What you are asked to do => Your task is to print, exactly and only, the lines from the start of the entries below through the line with "#38=DIRECTION('',(0.,0.,1.));". Include both ends, but skip the pictures.

[Dataset excerpts]
[Start of section]
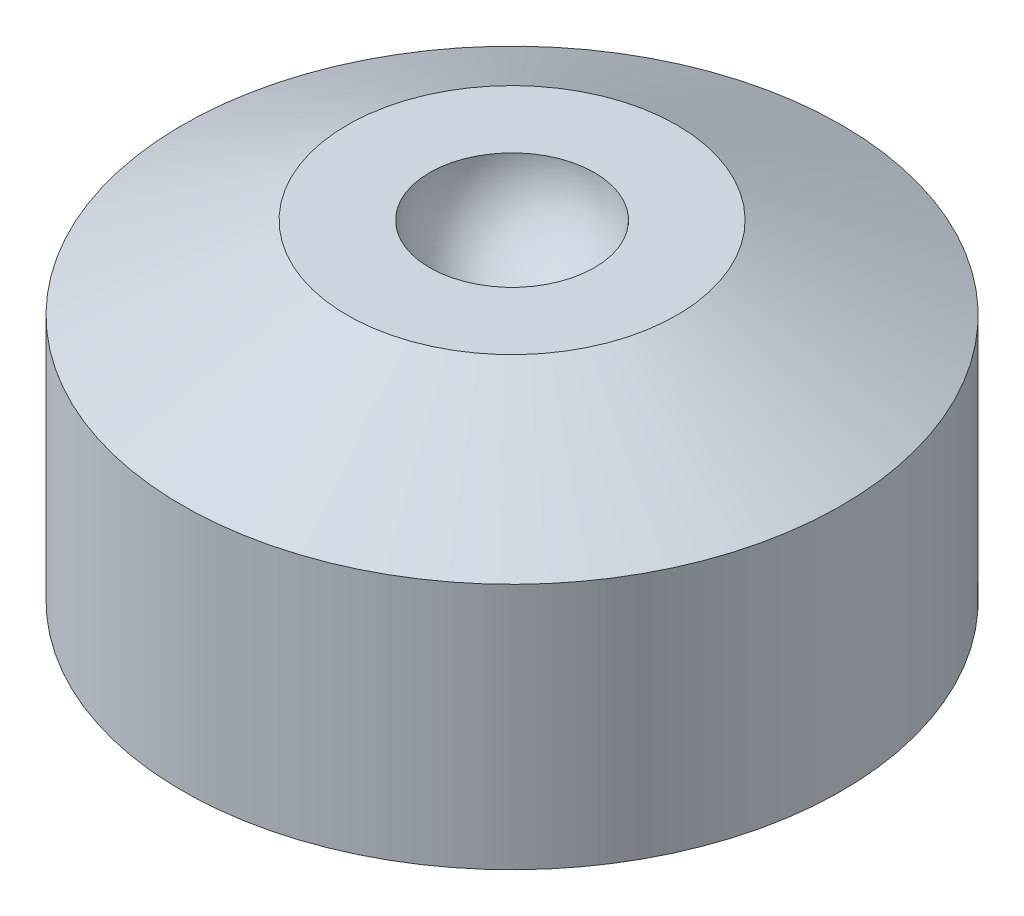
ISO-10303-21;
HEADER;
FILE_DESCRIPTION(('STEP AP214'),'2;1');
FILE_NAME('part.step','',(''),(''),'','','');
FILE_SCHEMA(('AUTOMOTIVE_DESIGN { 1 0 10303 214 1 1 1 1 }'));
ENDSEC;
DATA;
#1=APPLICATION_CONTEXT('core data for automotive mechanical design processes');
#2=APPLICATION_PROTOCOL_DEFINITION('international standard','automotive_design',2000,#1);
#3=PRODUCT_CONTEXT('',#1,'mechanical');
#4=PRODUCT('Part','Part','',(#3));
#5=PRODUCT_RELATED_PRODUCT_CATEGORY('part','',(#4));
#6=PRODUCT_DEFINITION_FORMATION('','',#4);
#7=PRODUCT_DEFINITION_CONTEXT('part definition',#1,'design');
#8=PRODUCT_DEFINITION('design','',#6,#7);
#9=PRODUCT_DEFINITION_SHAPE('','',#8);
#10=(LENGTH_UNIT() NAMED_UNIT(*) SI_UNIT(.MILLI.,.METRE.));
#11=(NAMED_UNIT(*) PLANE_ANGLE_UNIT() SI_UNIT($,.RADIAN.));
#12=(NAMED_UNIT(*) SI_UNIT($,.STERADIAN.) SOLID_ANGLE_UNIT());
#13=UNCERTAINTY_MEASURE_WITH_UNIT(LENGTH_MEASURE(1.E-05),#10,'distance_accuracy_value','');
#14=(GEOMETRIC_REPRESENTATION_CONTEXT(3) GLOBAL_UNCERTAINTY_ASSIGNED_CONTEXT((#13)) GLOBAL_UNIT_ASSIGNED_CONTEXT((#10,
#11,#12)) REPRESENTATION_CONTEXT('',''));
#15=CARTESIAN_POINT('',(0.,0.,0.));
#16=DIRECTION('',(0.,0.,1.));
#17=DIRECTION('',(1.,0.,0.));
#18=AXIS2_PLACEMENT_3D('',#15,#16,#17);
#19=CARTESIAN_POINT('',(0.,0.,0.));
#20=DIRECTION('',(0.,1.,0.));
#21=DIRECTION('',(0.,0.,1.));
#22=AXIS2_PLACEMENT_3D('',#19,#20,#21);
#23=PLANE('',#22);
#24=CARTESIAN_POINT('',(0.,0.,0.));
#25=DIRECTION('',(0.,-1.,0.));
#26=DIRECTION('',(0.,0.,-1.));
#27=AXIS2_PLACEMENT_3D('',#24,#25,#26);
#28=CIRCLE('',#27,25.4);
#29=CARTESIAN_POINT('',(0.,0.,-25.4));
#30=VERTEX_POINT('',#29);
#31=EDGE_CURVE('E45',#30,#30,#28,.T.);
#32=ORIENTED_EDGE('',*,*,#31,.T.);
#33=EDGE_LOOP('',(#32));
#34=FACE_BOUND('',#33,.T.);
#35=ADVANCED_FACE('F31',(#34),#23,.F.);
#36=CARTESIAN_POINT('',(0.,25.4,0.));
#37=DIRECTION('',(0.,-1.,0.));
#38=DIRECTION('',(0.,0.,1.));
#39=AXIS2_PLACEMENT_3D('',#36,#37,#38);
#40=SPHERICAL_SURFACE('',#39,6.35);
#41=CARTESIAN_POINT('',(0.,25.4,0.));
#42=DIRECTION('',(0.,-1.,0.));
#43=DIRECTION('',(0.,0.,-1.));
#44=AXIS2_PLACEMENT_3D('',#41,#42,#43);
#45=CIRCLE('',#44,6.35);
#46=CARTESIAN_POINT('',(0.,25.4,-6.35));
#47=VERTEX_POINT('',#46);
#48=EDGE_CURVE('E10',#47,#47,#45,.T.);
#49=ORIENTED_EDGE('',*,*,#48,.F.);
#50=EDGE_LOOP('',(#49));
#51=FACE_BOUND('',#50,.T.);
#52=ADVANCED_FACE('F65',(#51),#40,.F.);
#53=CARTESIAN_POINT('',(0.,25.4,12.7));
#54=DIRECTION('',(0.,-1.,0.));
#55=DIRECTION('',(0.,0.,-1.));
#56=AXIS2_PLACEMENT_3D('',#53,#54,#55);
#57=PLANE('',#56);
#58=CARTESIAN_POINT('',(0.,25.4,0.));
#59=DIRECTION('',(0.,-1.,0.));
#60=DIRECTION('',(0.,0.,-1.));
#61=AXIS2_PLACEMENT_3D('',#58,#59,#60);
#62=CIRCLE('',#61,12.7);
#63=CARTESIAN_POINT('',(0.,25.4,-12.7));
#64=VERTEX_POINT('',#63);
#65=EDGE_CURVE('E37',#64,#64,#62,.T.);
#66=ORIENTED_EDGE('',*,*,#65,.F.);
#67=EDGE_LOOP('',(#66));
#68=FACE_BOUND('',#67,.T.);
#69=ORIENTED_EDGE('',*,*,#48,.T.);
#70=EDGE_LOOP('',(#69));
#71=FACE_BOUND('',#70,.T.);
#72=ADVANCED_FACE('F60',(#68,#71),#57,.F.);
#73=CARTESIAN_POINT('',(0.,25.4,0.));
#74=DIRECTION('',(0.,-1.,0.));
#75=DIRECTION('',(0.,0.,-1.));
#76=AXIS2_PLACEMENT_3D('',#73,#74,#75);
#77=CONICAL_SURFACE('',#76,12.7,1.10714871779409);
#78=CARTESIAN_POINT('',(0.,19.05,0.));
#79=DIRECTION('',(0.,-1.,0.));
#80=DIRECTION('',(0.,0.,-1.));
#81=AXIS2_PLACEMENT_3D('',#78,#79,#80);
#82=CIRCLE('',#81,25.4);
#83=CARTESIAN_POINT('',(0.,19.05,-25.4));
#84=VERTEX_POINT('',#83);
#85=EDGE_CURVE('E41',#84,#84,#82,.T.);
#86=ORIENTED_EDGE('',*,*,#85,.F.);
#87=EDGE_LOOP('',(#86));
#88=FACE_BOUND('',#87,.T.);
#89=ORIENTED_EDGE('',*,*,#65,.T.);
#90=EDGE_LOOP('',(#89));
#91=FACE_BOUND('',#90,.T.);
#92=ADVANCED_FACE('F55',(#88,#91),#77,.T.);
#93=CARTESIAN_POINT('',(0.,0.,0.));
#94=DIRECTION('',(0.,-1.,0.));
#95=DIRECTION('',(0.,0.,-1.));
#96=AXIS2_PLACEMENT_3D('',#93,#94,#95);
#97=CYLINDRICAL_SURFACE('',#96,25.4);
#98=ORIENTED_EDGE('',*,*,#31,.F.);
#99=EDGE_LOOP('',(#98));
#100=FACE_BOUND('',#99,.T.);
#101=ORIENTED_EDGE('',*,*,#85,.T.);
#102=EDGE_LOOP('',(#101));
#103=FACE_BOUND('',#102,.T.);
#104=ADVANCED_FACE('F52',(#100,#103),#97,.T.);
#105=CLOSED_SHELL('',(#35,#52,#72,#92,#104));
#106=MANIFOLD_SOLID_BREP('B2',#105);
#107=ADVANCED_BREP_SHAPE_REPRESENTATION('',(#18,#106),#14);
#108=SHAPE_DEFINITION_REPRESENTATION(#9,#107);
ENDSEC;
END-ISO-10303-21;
[End of section]
Exercise answer =>
ISO-10303-21;
HEADER;
FILE_DESCRIPTION(('STEP AP214'),'2;1');
FILE_NAME('part.step','',(''),(''),'','','');
FILE_SCHEMA(('AUTOMOTIVE_DESIGN { 1 0 10303 214 1 1 1 1 }'));
ENDSEC;
DATA;
#1=APPLICATION_CONTEXT('core data for automotive mechanical design processes');
#2=APPLICATION_PROTOCOL_DEFINITION('international standard','automotive_design',2000,#1);
#3=PRODUCT_CONTEXT('',#1,'mechanical');
#4=PRODUCT('Part','Part','',(#3));
#5=PRODUCT_RELATED_PRODUCT_CATEGORY('part','',(#4));
#6=PRODUCT_DEFINITION_FORMATION('','',#4);
#7=PRODUCT_DEFINITION_CONTEXT('part definition',#1,'design');
#8=PRODUCT_DEFINITION('design','',#6,#7);
#9=PRODUCT_DEFINITION_SHAPE('','',#8);
#10=(LENGTH_UNIT() NAMED_UNIT(*) SI_UNIT(.MILLI.,.METRE.));
#11=(NAMED_UNIT(*) PLANE_ANGLE_UNIT() SI_UNIT($,.RADIAN.));
#12=(NAMED_UNIT(*) SI_UNIT($,.STERADIAN.) SOLID_ANGLE_UNIT());
#13=UNCERTAINTY_MEASURE_WITH_UNIT(LENGTH_MEASURE(1.E-05),#10,'distance_accuracy_value','');
#14=(GEOMETRIC_REPRESENTATION_CONTEXT(3) GLOBAL_UNCERTAINTY_ASSIGNED_CONTEXT((#13)) GLOBAL_UNIT_ASSIGNED_CONTEXT((#10,
#11,#12)) REPRESENTATION_CONTEXT('',''));
#15=CARTESIAN_POINT('',(0.,0.,0.));
#16=DIRECTION('',(0.,0.,1.));
#17=DIRECTION('',(1.,0.,0.));
#18=AXIS2_PLACEMENT_3D('',#15,#16,#17);
#19=CARTESIAN_POINT('',(0.,0.,0.));
#20=DIRECTION('',(0.,1.,0.));
#21=DIRECTION('',(0.,0.,1.));
#22=AXIS2_PLACEMENT_3D('',#19,#20,#21);
#23=PLANE('',#22);
#24=CARTESIAN_POINT('',(0.,0.,0.));
#25=DIRECTION('',(0.,-1.,0.));
#26=DIRECTION('',(0.,0.,-1.));
#27=AXIS2_PLACEMENT_3D('',#24,#25,#26);
#28=CIRCLE('',#27,25.4);
#29=CARTESIAN_POINT('',(0.,0.,-25.4));
#30=VERTEX_POINT('',#29);
#31=EDGE_CURVE('E45',#30,#30,#28,.T.);
#32=ORIENTED_EDGE('',*,*,#31,.T.);
#33=EDGE_LOOP('',(#32));
#34=FACE_BOUND('',#33,.T.);
#35=ADVANCED_FACE('F31',(#34),#23,.F.);
#36=CARTESIAN_POINT('',(0.,25.4,0.));
#37=DIRECTION('',(0.,-1.,0.));
#38=DIRECTION('',(0.,0.,1.));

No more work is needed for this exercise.